Dennis Christensen at Copenhagen airport after being released from prison
Dennis Christensen Released From Russian Prison and Deported to Denmark
Oryol Region, Kursk RegionOn May 25, 2022, Dennis Christensen and his wife arrived safely in their native Denmark. This happened the day after his release from a Russian colony, where he spent 5 years for his faith.
“I’m very happy to be released from prison and reunited with my dear wife, Irina,” said Dennis. “I want to thank the Danish government, especially the consular office in Moscow, for trying to help me. I am also grateful to my brothers and sisters in the faith who supported me and my wife spiritually, emotionally, and physically.”
Around 130 people gathered in the morning of 24 May near the penal colony # 3 in the city of Lgov (550 kilometers from Moscow) to welcome Dennis. But the meeting did not happen because the migration service officials immediately took him and brought to Moscow airport to leave country.
Dennis was arrested and detained on May 25, 2017, when armed and masked Russian authorities raided a congregation meeting in the city of Oryol (350 kilometers from Moscow) that he was attending. He was subsequently convicted of organizing the activity of a religious organization of Jehovah’s Witnesses. Just one month before that, all organizations of that religion in Russia were declared extremist and banned by Russia’s Supreme Court, but the local organization in Oryol was banned even earlier, which became the basis of criminal prosecution of Christensen.
Russian authorities have repeatedly confirmed that the 2017 ban is restricted to legal entities of Jehovah’s Witnesses, claiming that it does not interfere with the rights of individual Witnesses to practice their faith. However, Dennis’ detention was the start of an aggressive campaign of arresting and imprisoning many Jehovah’s Witnesses throughout Russia and Crimea.
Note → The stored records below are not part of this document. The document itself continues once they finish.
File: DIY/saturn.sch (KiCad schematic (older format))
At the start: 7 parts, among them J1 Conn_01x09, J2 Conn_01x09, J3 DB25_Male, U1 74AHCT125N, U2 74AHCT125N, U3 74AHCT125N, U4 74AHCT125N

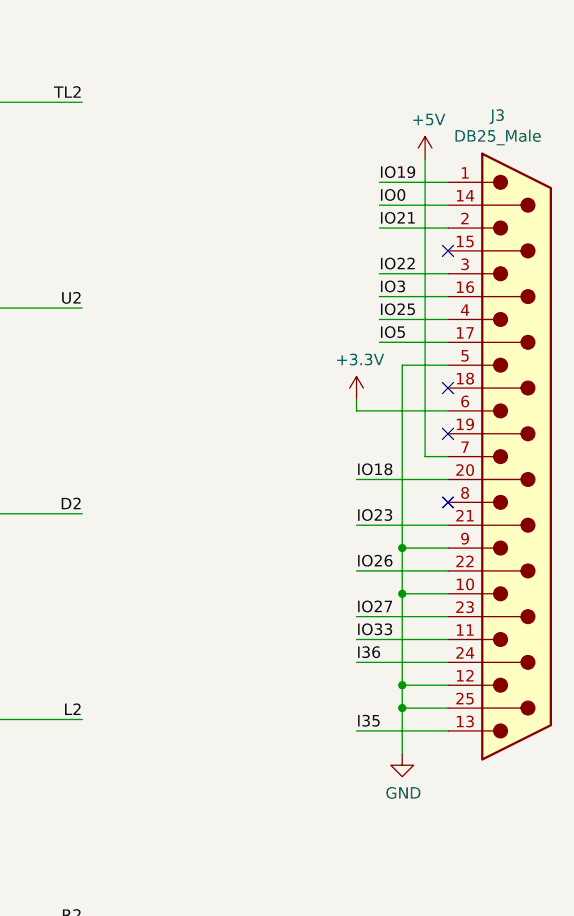
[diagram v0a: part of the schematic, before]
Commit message: [DIY] Update DIY & cable adapter schematic base on new DB25 mapping
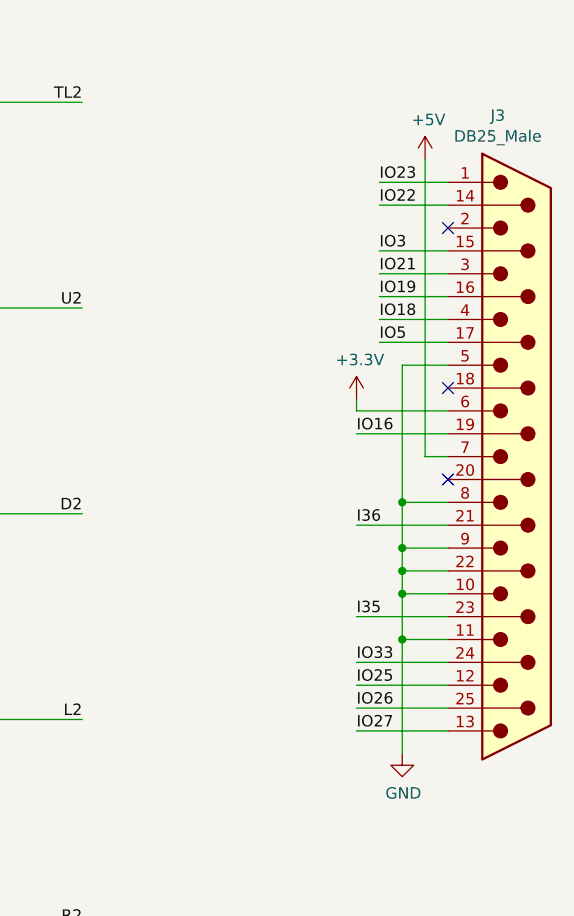
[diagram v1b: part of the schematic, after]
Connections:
- net GND: now also J3.11, J3.22 (P22), J3.8; no longer J3.12, J3.25 (P25)
- net I35: now also J3.23 (P23); no longer J3.13
- net I36: now also J3.21 (P21); no longer J3.24 (P24)
- net IO0: no longer J3.14 (P14)
- net IO18: now also J3.4; no longer J3.20 (P20)
- net IO19: now also J3.16 (P16); no longer J3.1
- net IO21: now also J3.3; no longer J3.2
- net IO22: now also J3.14 (P14); no longer J3.3
- net IO23: now also J3.1; no longer J3.21 (P21)
- net IO25: now also J3.12; no longer J3.4
- net IO26: now also J3.25 (P25); no longer J3.22 (P22)
- net IO27: now also J3.13; no longer J3.23 (P23)
- net IO3: now also J3.15 (P15); no longer J3.16 (P16)
- net IO33: now also J3.24 (P24); no longer J3.11
- net IO16: now reaches J3.19 (P19)
- no-connect marks 6 -> 5
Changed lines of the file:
@@
 $Descr USLetter 11000 8500
 encoding utf-8
-Sheet 2 4
+Sheet 2 7
 Title "BlueRetro - Saturn adapter cable"
-Date "2020-07-16"
-Rev "v1.0"
+Date "2020-08-22"
+Rev "v1.1"
 Comp ""
 Comment1 ""
@@
 	9050 1700 9350 1700
 Wire Wire Line
-	9050 1900 9350 1900
-Wire Wire Line
 	9050 2100 9350 2100
 Wire Wire Line
@@
 	9350 2500 9150 2500
 Wire Wire Line
-	9150 2500 9150 3300
+	9150 2500 9150 3100
 Wire Wire Line
 	9350 3300 9150 3300
-Connection ~ 9150 3300
-Wire Wire Line
-	9150 3300 9150 3500
-Wire Wire Line
-	9350 4000 9150 4000
-Connection ~ 9150 4000
-Wire Wire Line
-	9150 4000 9150 4200
 Wire Wire Line
 	9250 1600 9250 2900
@@
 Text Label 1400 4350 2    50   ~ 0
 L2
-Text Label 9050 1700 0    50   ~ 0
+Text Label 9050 2200 0    50   ~ 0
 IO19
-Text Label 9050 1900 0    50   ~ 0
+Text Label 9050 2100 0    50   ~ 0
 IO21
-Text Label 9050 2100 0    50   ~ 0
+Text Label 9050 1800 0    50   ~ 0
 IO22
-Text Label 9050 2300 0    50   ~ 0
+Text Label 8950 3900 0    50   ~ 0
 IO25
 Wire Wire Line
@@
 	8950 2700 9350 2700
 Wire Wire Line
-	9350 3700 8950 3700
-Wire Wire Line
-	8950 3000 9350 3000
-Wire Wire Line
 	9350 4100 8950 4100
 Wire Wire Line
@@
 	9350 3600 8950 3600
 Wire Wire Line
-	9350 3400 8950 3400
-Wire Wire Line
 	9350 3200 8950 3200
-NoConn ~ 9350 2000
-NoConn ~ 9350 2600
-NoConn ~ 9350 2800
-NoConn ~ 9350 3100
-Text Label 9050 1800 0    50   ~ 0
-IO0
-Text Label 9050 2200 0    50   ~ 0
+Text Label 8950 2800 0    50   ~ 0
+IO16
+Text Label 9050 2000 0    50   ~ 0
 IO3
 Text Label 9050 2400 0    50   ~ 0
 IO5
-Text Label 8950 3000 0    50   ~ 0
+Text Label 9050 1700 0    50   ~ 0
+IO23
+Text Label 8950 4000 0    50   ~ 0
+IO26
+Text Label 8950 4100 0    50   ~ 0
+IO27
+Text Label 8950 3800 0    50   ~ 0
+IO33
+Text Label 8950 3200 0    50   ~ 0
+I36
+Text Label 8950 3600 0    50   ~ 0
+I35
+Wire Wire Line
+	9350 3100 9150 3100
+Connection ~ 9150 3100
+Wire Wire Line
+	9150 3100 9150 3300
+Wire Wire Line
+	9150 3300 9150 3400
+Connection ~ 9150 3300
+Wire Wire Line
+	9350 3400 9150 3400
+Connection ~ 9150 3400
+Wire Wire Line
+	9150 3400 9150 3500
+Wire Wire Line
+	9350 2800 8950 2800
+Wire Wire Line
+	9350 2000 9050 2000
+Wire Wire Line
+	9350 3900 8950 3900
+Text Label 9050 2300 0    50   ~ 0
 IO18
-Text Label 8950 3200 0    50   ~ 0
-IO23
-Text Label 8950 3400 0    50   ~ 0
-IO26
-Text Label 8950 3600 0    50   ~ 0
-IO27
-Text Label 8950 3700 0    50   ~ 0
-IO33
-Text Label 8950 3800 0    50   ~ 0
-I36
-Text Label 8950 4100 0    50   ~ 0
-I35
-Wire Wire Line
-	9350 3900 9150 3900
-Connection ~ 9150 3900
-Wire Wire Line
-	9150 3900 9150 4000
+Wire Wire Line
+	8950 4000 9350 4000
+Wire Wire Line
+	9350 3700 9150 3700
+Connection ~ 9150 3700
+Wire Wire Line
+	9150 3700 9150 4200
+NoConn ~ 9350 1900
+NoConn ~ 9350 2600
 Wire Wire Line
 	9350 3500 9150 3500
 Connection ~ 9150 3500
 Wire Wire Line
-	9150 3500 9150 3900
+	9150 3500 9150 3700
+NoConn ~ 9350 3000
 $EndSCHEMATC

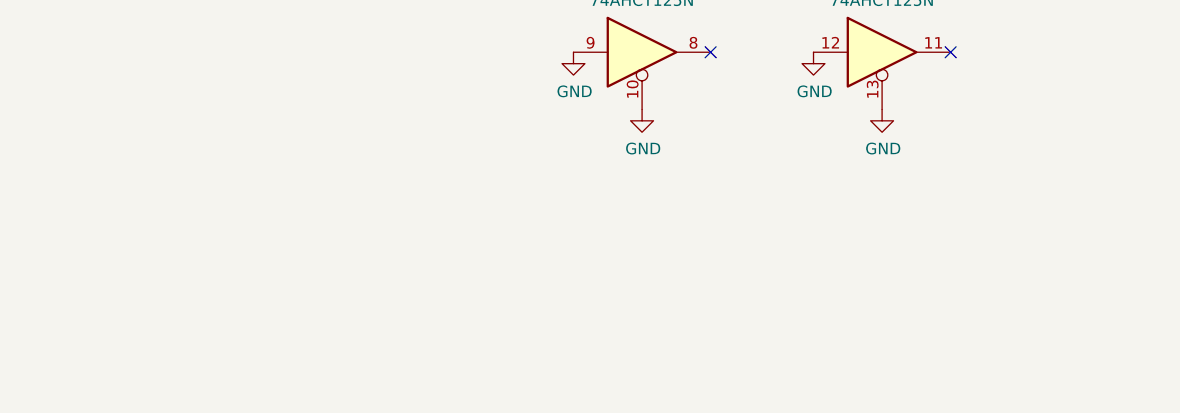
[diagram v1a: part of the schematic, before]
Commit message: [DIY] Add note to cable schematics to underline how important I39 is.
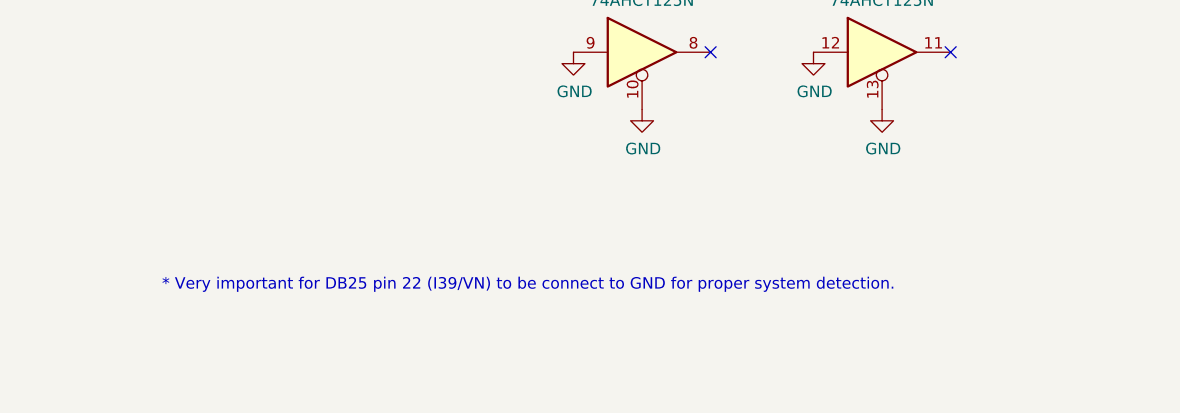
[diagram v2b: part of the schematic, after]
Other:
- note added: "* Very important for DB25 pin 22 (I39/VN) to be connect to GND for proper system detection."
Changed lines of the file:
@@
 	9150 3500 9150 3700
 NoConn ~ 9350 3000
+Text Notes 6350 6900 0    50   ~ 0
+* Very important for DB25 pin 22 (I39/VN) to be connect to GND for proper system detection.
 $EndSCHEMATC

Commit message: Use new port symbol in cable schematic
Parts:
- J1, J2: symbol Connector_Generic:Conn_01x09 -> Connector_Gaming:Saturn
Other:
- note added: "Connectors facing console"
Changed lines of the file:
@@
 Sheet 2 7
 Title "BlueRetro - Saturn adapter cable"
-Date "2020-08-22"
-Rev "v1.1"
-Comp ""
+Date "2020-10-02"
+Rev "v1.2"
+Comp "©2020 Jacques Gagnon, licensed under CC-BY-4.0"
 Comment1 ""
 Comment2 ""
@@
 R2
 $Comp
-L Connector_Generic:Conn_01x09 J1
+L Connector_Gaming:Saturn J1
 U 1 1 5F3ABB96
-P 950 2200
-F 0 "J1" H 868 2817 50  0000 C CNN
-F 1 "Conn_01x09" H 868 2726 50  0000 C CNN
-F 2 "" H 950 2200 50  0001 C CNN
-F 3 "~" H 950 2200 50  0001 C CNN
-	1    950  2200
-	-1   0    0    -1
-$EndComp
-$Comp
-L Connector_Generic:Conn_01x09 J2
-U 1 1 5F3AD383
-P 950 4050
-F 0 "J2" H 868 4667 50  0000 C CNN
-F 1 "Conn_01x09" H 868 4576 50  0000 C CNN
-F 2 "" H 950 4050 50  0001 C CNN
-F 3 "~" H 950 4050 50  0001 C CNN
-	1    950  4050
-	-1   0    0    -1
+P 1600 2950
+F 0 "J1" H 1700 2150 50  0000 C CNN
+F 1 "Conn_01x09" H 1700 2150 50  0001 C CNN
+F 2 "" H 1600 2950 50  0001 C CNN
+F 3 "~" H 1600 2950 50  0001 C CNN
+	1    1600 2950
+	0    1    1    0
 $EndComp
 $Comp
 L power:GND #PWR?
 U 1 1 5F3B346E
-P 1250 2750
-F 0 "#PWR?" H 1250 2500 50  0001 C CNN
-F 1 "GND" H 1255 2577 50  0000 C CNN
-F 2 "" H 1250 2750 50  0001 C CNN
-F 3 "" H 1250 2750 50  0001 C CNN
-	1    1250 2750
-	1    0    0    -1
+P 1950 2650
+F 0 "#PWR?" H 1950 2400 50  0001 C CNN
+F 1 "GND" H 1955 2477 50  0000 C CNN
+F 2 "" H 1950 2650 50  0001 C CNN
+F 3 "" H 1950 2650 50  0001 C CNN
+	1    1950 2650
+	0    -1   -1   0
 $EndComp
 $Comp
 L power:GND #PWR?
 U 1 1 5F3B3833
-P 1250 4600
-F 0 "#PWR?" H 1250 4350 50  0001 C CNN
-F 1 "GND" H 1255 4427 50  0000 C CNN
-F 2 "" H 1250 4600 50  0001 C CNN
-F 3 "" H 1250 4600 50  0001 C CNN
-	1    1250 4600
-	1    0    0    -1
+P 1950 3500
+F 0 "#PWR?" H 1950 3250 50  0001 C CNN
+F 1 "GND" H 1955 3327 50  0000 C CNN
+F 2 "" H 1950 3500 50  0001 C CNN
+F 3 "" H 1950 3500 50  0001 C CNN
+	1    1950 3500
+	0    -1   -1   0
 $EndComp
 $Comp
 L power:+5V #PWR?
 U 1 1 5F3B5AF6
-P 1300 3500
-F 0 "#PWR?" H 1300 3350 50  0001 C CNN
-F 1 "+5V" H 1315 3673 50  0000 C CNN
-F 2 "" H 1300 3500 50  0001 C CNN
-F 3 "" H 1300 3500 50  0001 C CNN
-	1    1300 3500
-	1    0    0    -1
+P 850 3450
+F 0 "#PWR?" H 850 3300 50  0001 C CNN
+F 1 "+5V" H 865 3623 50  0000 C CNN
+F 2 "" H 850 3450 50  0001 C CNN
+F 3 "" H 850 3450 50  0001 C CNN
+	1    850  3450
+	0    -1   -1   0
 $EndComp
 $Comp
 L power:+5V #PWR?
 U 1 1 5F3B6FDE
-P 1300 1650
-F 0 "#PWR?" H 1300 1500 50  0001 C CNN
-F 1 "+5V" H 1315 1823 50  0000 C CNN
-F 2 "" H 1300 1650 50  0001 C CNN
-F 3 "" H 1300 1650 50  0001 C CNN
-	1    1300 1650
-	1    0    0    -1
-$EndComp
-Wire Wire Line
-	1150 1800 1300 1800
-Wire Wire Line
-	1300 1800 1300 1650
-Wire Wire Line
-	1150 2600 1250 2600
-Wire Wire Line
-	1250 2600 1250 2750
-Wire Wire Line
-	1150 3650 1300 3650
-Wire Wire Line
-	1300 3650 1300 3500
-Wire Wire Line
-	1150 4450 1250 4450
-Wire Wire Line
-	1250 4450 1250 4600
-Wire Wire Line
-	1150 4350 1400 4350
-Wire Wire Line
-	1150 4250 1400 4250
-Wire Wire Line
-	1150 4150 1400 4150
-Wire Wire Line
-	1150 4050 1400 4050
-Wire Wire Line
-	1150 3950 1400 3950
-Wire Wire Line
-	1150 3850 1400 3850
-Wire Wire Line
-	1150 3750 1400 3750
-Wire Wire Line
-	1150 2500 1400 2500
-Wire Wire Line
-	1150 2400 1400 2400
-Wire Wire Line
-	1150 2300 1400 2300
-Wire Wire Line
-	1150 2200 1400 2200
-Wire Wire Line
-	1150 2100 1400 2100
-Wire Wire Line
-	1150 2000 1400 2000
-Wire Wire Line
-	1150 1900 1400 1900
-Text Label 1400 1900 2    50   ~ 0
+P 850 2600
+F 0 "#PWR?" H 850 2450 50  0001 C CNN
+F 1 "+5V" H 865 2773 50  0000 C CNN
+F 2 "" H 850 2600 50  0001 C CNN
+F 3 "" H 850 2600 50  0001 C CNN
+	1    850  2600
+	0    -1   -1   0
+$EndComp
+Wire Wire Line
+	1000 2750 1000 2600
+Wire Wire Line
+	1000 2600 850  2600
+Wire Wire Line
+	1800 2750 1800 2650
+Wire Wire Line
+	1800 2650 1950 2650
+Wire Wire Line
+	1000 3600 1000 3450
+Wire Wire Line
+	1000 3450 850  3450
+Wire Wire Line
+	1800 3600 1800 3500
+Wire Wire Line
+	1800 3500 1950 3500
+Wire Wire Line
+	1700 3600 1700 3350
+Wire Wire Line
+	1600 3600 1600 3350
+Wire Wire Line
+	1500 3600 1500 3350
+Wire Wire Line
+	1400 3600 1400 3350
+Wire Wire Line
+	1300 3600 1300 3350
+Wire Wire Line
+	1200 3600 1200 3350
+Wire Wire Line
+	1100 3600 1100 3350
+Wire Wire Line
+	1700 2750 1700 2500
+Wire Wire Line
+	1600 2750 1600 2500
+Wire Wire Line
+	1500 2750 1500 2500
+Wire Wire Line
+	1400 2750 1400 2500
+Wire Wire Line
+	1300 2750 1300 2500
+Wire Wire Line
+	1200 2750 1200 2500
+Wire Wire Line
+	1100 2750 1100 2500
+Text Label 1100 2500 3    50   ~ 0
 D1
-Text Label 1400 2000 2    50   ~ 0
+Text Label 1200 2500 3    50   ~ 0
 U1
-Text Label 1400 2100 2    50   ~ 0
+Text Label 1300 2500 3    50   ~ 0
 TH1
-Text Label 1400 2200 2    50   ~ 0
+Text Label 1400 2500 3    50   ~ 0
 TR1
-Text Label 1400 2300 2    50   ~ 0
+Text Label 1500 2500 3    50   ~ 0
 TL1
-Text Label 1400 2400 2    50   ~ 0
+Text Label 1600 2500 3    50   ~ 0
 R1
-Text Label 1400 2500 2    50   ~ 0
+Text Label 1700 2500 3    50   ~ 0
 L1
-Text Label 1400 3750 2    50   ~ 0
+Text Label 1100 3350 3    50   ~ 0
 D2
-Text Label 1400 3850 2    50   ~ 0
+Text Label 1200 3350 3    50   ~ 0
 U2
-Text Label 1400 3950 2    50   ~ 0
+Text Label 1300 3350 3    50   ~ 0
 TH2
-Text Label 1400 4050 2    50   ~ 0
+Text Label 1400 3350 3    50   ~ 0
 TR2
-Text Label 1400 4150 2    50   ~ 0
+Text Label 1500 3350 3    50   ~ 0
 TL2
-Text Label 1400 4250 2    50   ~ 0
+Text Label 1600 3350 3    50   ~ 0
 R2
-Text Label 1400 4350 2    50   ~ 0
+Text Label 1700 3350 3    50   ~ 0
 L2
 Text Label 9050 2200 0    50   ~ 0
@@
 Text Notes 6350 6900 0    50   ~ 0
 * Very important for DB25 pin 22 (I39/VN) to be connect to GND for proper system detection.
+$Comp
+L Connector_Gaming:Saturn J2
+U 1 1 5F3AD383
+P 1600 3800
+F 0 "J2" H 1700 3000 50  0000 C CNN
+F 1 "Conn_01x09" H 1518 4326 50  0001 C CNN
+F 2 "" H 1600 3800 50  0001 C CNN
+F 3 "~" H 1600 3800 50  0001 C CNN
+	1    1600 3800
+	0    1    1    0
+$EndComp
+Text Notes 950  3250 0    50   ~ 0
+Connectors facing console
 $EndSCHEMATC

The Royal Danish Embassy in Moscow repeatedly sent representatives to the court in Oryol. They petitioned that Christensen be held under house arrest, not colony, and provided the necessary guarantees. However, the court did not release Christensen from the colony until he had served his entire sentence, six years in the penal colony. (Christensen spent the first 2 years in a detention center, where incarceration is considered harsher than in a penal colony, and where one day's stay equals 1.5 days in a penal colony.) In 2018, the Kingdom of Denmark applied with the European Court of Human Rights to intervene as a 3rd party in the case of Christensen v. Russia. A judgment on this complaint has not yet been issued.
Christensen was serving his sentence in the penal colony in Lgov. The administration of this penal colony repeatedly imposed additional unreasonable sanctions on him, which left him in even harsher conditions inside the colony. Russian courts did not grant his petitions for mitigation of the remaining sentence. After his release from the colony, Russia annulled the grounds for his residence in Russia and expelled him.
As of today, 91 of Jehovah's Witnesses remain behind bars in Russia. "My heart is with my dear brothers and sisters in the faith who were victims of criminal prosecution for their faith," says Dennis Christensen. "These people have nothing to do with extremism, they are suffering unjustly because they have been victims of religious persecution. I continue to pray for my courageous brothers and sisters who are being persecuted and imprisoned for their faith."
Dennis Christensen is a Danish citizen born in Copenhagen. For the last 20 years, he has been married to a Russian citizen, Irina, therefore he lived in Russia and worked in the field of assembly construction.